Софичка | страница 75



На следующий день, когда старый Хабуг лежал под яблоней, на Чегем обрушилась гроза. Могучие струи дождя забарабанили по широкой кроне яблони. Старика хотели перенести в дом, но он отказался. Дождевые капли, просачиваясь сквозь густую крону, иногда падали ему на лицо и на вывернутые, корявые от многолетних трудов руки.

Старик с удовольствием слушал, как дождь омывает стебли кукурузы, листья и плоды яблони, гроздья винограда, толстая лоза которого вилась по дереву. С жадной радостью шумели под дождем ореховые деревья.

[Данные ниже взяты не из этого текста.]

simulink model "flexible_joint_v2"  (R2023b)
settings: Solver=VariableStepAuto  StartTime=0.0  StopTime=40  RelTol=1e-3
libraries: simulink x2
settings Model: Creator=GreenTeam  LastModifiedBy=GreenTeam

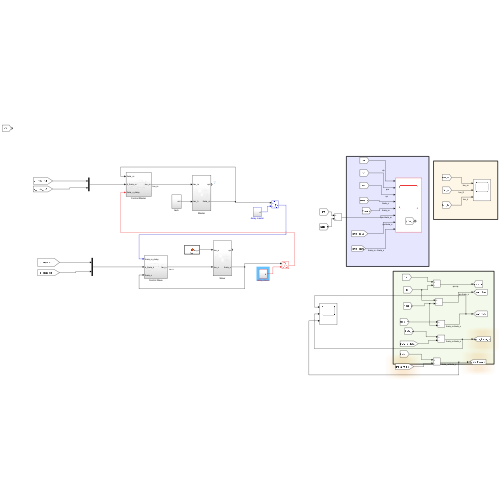
[thumbnail: Simulink's stored preview of the top-level diagram]
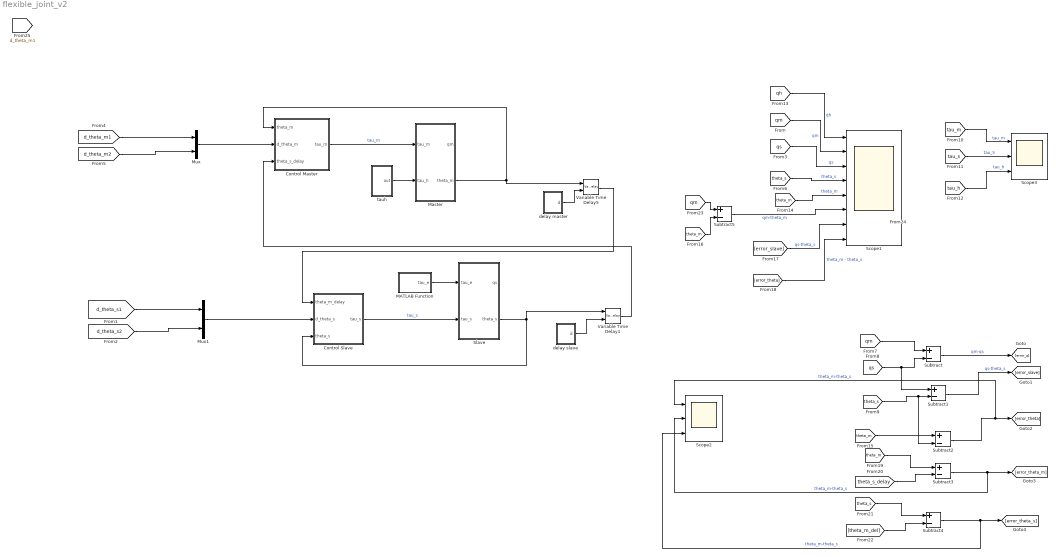
== system flexible_joint_v2 ==
  Control Master : Subsystem
  Control Slave : Subsystem
  MATLAB Function : MATLAB Function  TreatAsAtomicUnit=on
  Master : Subsystem
  Mux : Mux  Inputs=2
  Mux1 : Mux  Inputs=2
  Scope1 : Scope  NumInputPorts=8
  Scope2 : Scope  NumInputPorts=3
  Scope3 : Scope  NumInputPorts=3
  Slave : Subsystem
  Subtract{,1..5} (6 alike) : Sum  Inputs=+-
  Variable Time Delay1 : VariableTransportDelay  MaximumDelay=10  MaximumPoints=499712
  Variable Time Delay5 : VariableTransportDelay  MaximumDelay=10  MaximumPoints=499712
  delay master : Subsystem
  delay slave : Subsystem
  tauh : Subsystem
  wires:
  [tau_h] -> Scope3/3  "tau_h"
  [qm] -> Subtract/1
  [tau_s] -> Scope3/2  "tau_S"
  delay slave/1(d) -> Variable Time Delay1/2
  Subtract2/1 -> Scope2/1, [error_theta]  "theta_m-theta_s"
  [d_theta_m2] -> Mux/2
  Subtract1/1 -> [error_slave]  "qs-theta_s"
  Subtract/1 -> [error_q]  "qm-qs"
  [qs] -> Subtract1/1, Subtract/2
  delay master/1(d) -> Variable Time Delay5/2
  [d_theta_s2] -> Mux1/2
  Mux/1 -> Control Master/2(d_theta_m)
  [theta_s] -> Scope1/4  "theta_s"
  [qs] -> Scope1/3  "qs"
  [theta_s] -> Subtract2/2, Subtract1/2
  Mux1/1 -> Control Slave/2(d_theta_s)
  MATLAB Function/1(tau_e) -> Slave/1(tau_e)
  Slave/2(theta_s) -> Control Slave/3(theta_s), Variable Time Delay1/1
  [qm] -> Scope1/2  "qm"
  [d_theta_s1] -> Mux1/1
  [d_theta_m1] -> Mux/1
  Control Slave/1(tau_s) -> Slave/2(tau_s)  "tau_s"
  [qh] -> Scope1/1  "qh"
  Variable Time Delay5/1 -> Control Slave/1(theta_m_delay)
  [tau_m] -> Scope3/1  "tau_m"
  Variable Time Delay1/1 -> Control Master/3(theta_s_delay)
  Master/2(theta_m) -> Variable Time Delay5/1, Control Master/1(theta_m)
  [theta_m] -> Scope1/5  "theta_m"
  tauh/1(out) -> Master/2(tau_h)
  Control Master/1(tau_m) -> Master/1(tau_m)  "tau_m"
  [theta_m] -> Subtract2/1
  Subtract5/1 -> Scope1/6  "qm-theta_m"
  [error_slave] -> Scope1/7  "qs-theta_s"
  [error_theta] -> Scope1/8  "theta_m - theta_s"
  Subtract3/1 -> Scope2/2, [error_theta_m]  "theta_m-theta_s"
  [theta_m] -> Subtract3/1
  [theta_s_delay] -> Subtract3/2
  [theta_m_del] -> Subtract4/2
  [theta_s] -> Subtract4/1
  Subtract4/1 -> Scope2/3, [error_theta_s]  "theta_m-theta_s"
  [qm] -> Subtract5/1
  [theta_m] -> Subtract5/2

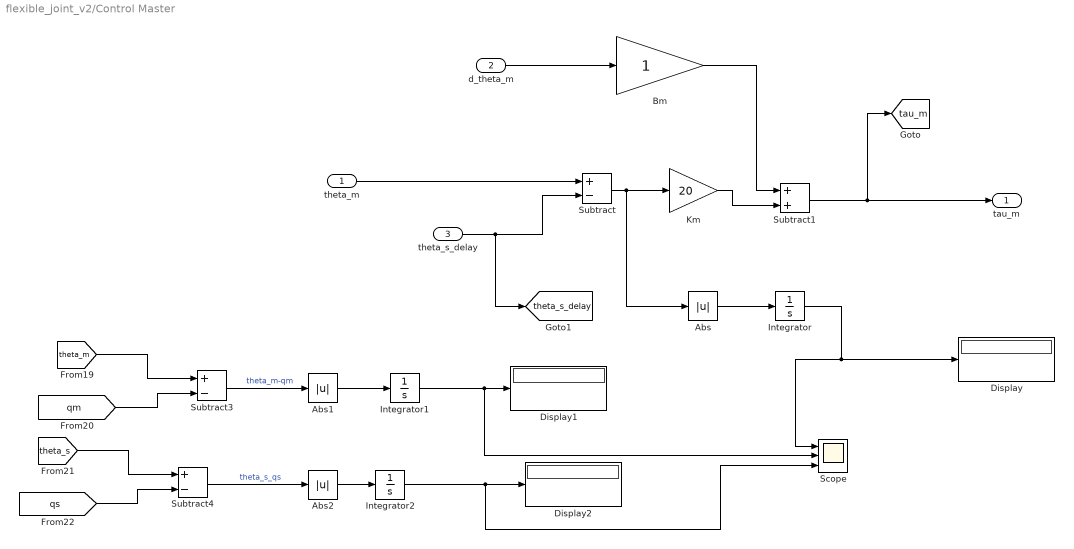
== system flexible_joint_v2/Control Master ==
  theta_m : Inport
  d_theta_m : Inport  Port=2
  theta_s_delay : Inport  Port=3
  Abs : Abs  SaturateOnIntegerOverflow=off
  Abs1 : Abs  SaturateOnIntegerOverflow=off
  Abs2 : Abs  SaturateOnIntegerOverflow=off
  Bm : Gain
  Display : Display
  Display1 : Display
  Display2 : Display
  Integrator : Integrator
  Integrator1 : Integrator
  Integrator2 : Integrator
  Km : Gain  Gain=20
  Scope : Scope  NumInputPorts=3
  Subtract : Sum  Inputs=+-
  Subtract1 : Sum
  Subtract3 : Sum  Inputs=+-
  Subtract4 : Sum  Inputs=+-
  tau_m : Outport
  tag scope: tau_m=global, theta_s_delay=global
  wires:
  Bm/1 -> Subtract1/1
  Subtract/1 -> Abs/1, Km/1
  Subtract1/1 -> [tau_m], tau_m/1
  Km/1 -> Subtract1/2
  d_theta_m/1 -> Bm/1
  theta_m/1 -> Subtract/1
  theta_s_delay/1 -> [theta_s_delay], Subtract/2
  Abs/1 -> Integrator/1
  Integrator/1 -> Display/1, Scope/1
  [theta_m] -> Subtract3/1
  [qm] -> Subtract3/2
  [theta_s] -> Subtract4/1
  [qs] -> Subtract4/2
  Subtract3/1 -> Abs1/1  "theta_m-qm"
  Subtract4/1 -> Abs2/1  "theta_s_qs"
  Abs1/1 -> Integrator1/1
  Abs2/1 -> Integrator2/1
  Integrator2/1 -> Scope/3, Display2/1
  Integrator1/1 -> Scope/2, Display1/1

Дождь был нужен — кукуруза и фруктовые деревья добирали последние предосенние соки.

— Маш-аллах, благодать, — шептал старый Хабуг и слизывал с ладоней дождевые капли.

Многообразный грохот ливня на листьях деревьев, винограда, на стеблях кукурузы, на траве постепенно сменился спокойным, напыщенным шумом, словно природа, второпях утолив первые приступы жажды, уже ровными глотками вбирала в себя живительную влагу.

Следующий день выдался особенно жарким. Старый Хабуг стал тяжело дышать, словно упорно взбирался на неведомую гору. Он часто просил пить. Тали или Софичка подавали ему его любимый напиток — кислое молоко, смешанное со свежей родниковой водой. Старик поднимал свою голову, свое лицо со стремительным горбоносым профилем и быстро высасывал стакан, как всегда при жизни после тяжелой работы. И смерть была его последней тяжелой работой, с которой он с таким азартом, с такой радостью справлялся при жизни. Но не только работой смерти, но и работой жизни был занят его мозг.

— Если Большеусый умрет, — вдруг внятно сказал он неизвестно кому, когда думали, что он уже в полном беспамятстве, — может быть, к чему-нибудь придем…

Это были его последние слова, которые можно было разобрать. Как и многие мощные натуры, он, умирая, выразил то, что больше всего беспокоило при жизни его душу.

И при виде этого маленького мертвого старика трудно было поверить, что он еще застал амхаджирство, насильственное переселение абхазцев в Турцию, бежал оттуда с юной женой, обосновался в Чегеме, неистовой работой заставил цвести и плодоносить эту дикую землю, развел неисчислимые стада коз и овец, насадил сотни фруктовых деревьев, оплел их сотнями виноградных лоз, хотя сам за всю жизнь не выпил и стакана вина, правда, мог съесть полкорзины свежего винограда, выдолбил целую флотилию ульев (мог вытянуть, даже не присев, увесистую кружку пахучего меда — любил мед), ездил всю жизнь на муле, презирал насмешки абхазцев, считавших мула недостойным верховой езды, а ему на муле было удобнее, презирал пьяниц и лентяев, даже презирал абреков, независимо от того, почему они ушли в лес, народил дюжину детей, и Большой Дом был полной чашей, где бесконечные гости, бежавшие от долинной лихорадки, целыми днями во дворе, в тени деревьев на шкурах животных, переплывали лето, изредка приподнимая задницу, чтобы не отстать от тени, и дочери сбивались с ног, готовя на этих бездельников, но все равно летом было столько молока, что его не успевали переработать в сыр, ведрами отдавали соседям, сливали собакам, а потом в коллективизацию потерял почти все, но не впал в уныние, потому что главного у него никто не мог отнять при жизни — его богатырской, его пьянящей радостью любви к труду. Вот что может один человек — как бы кричала вся его жизнь, но услышать ее никто уже не мог и не хотел.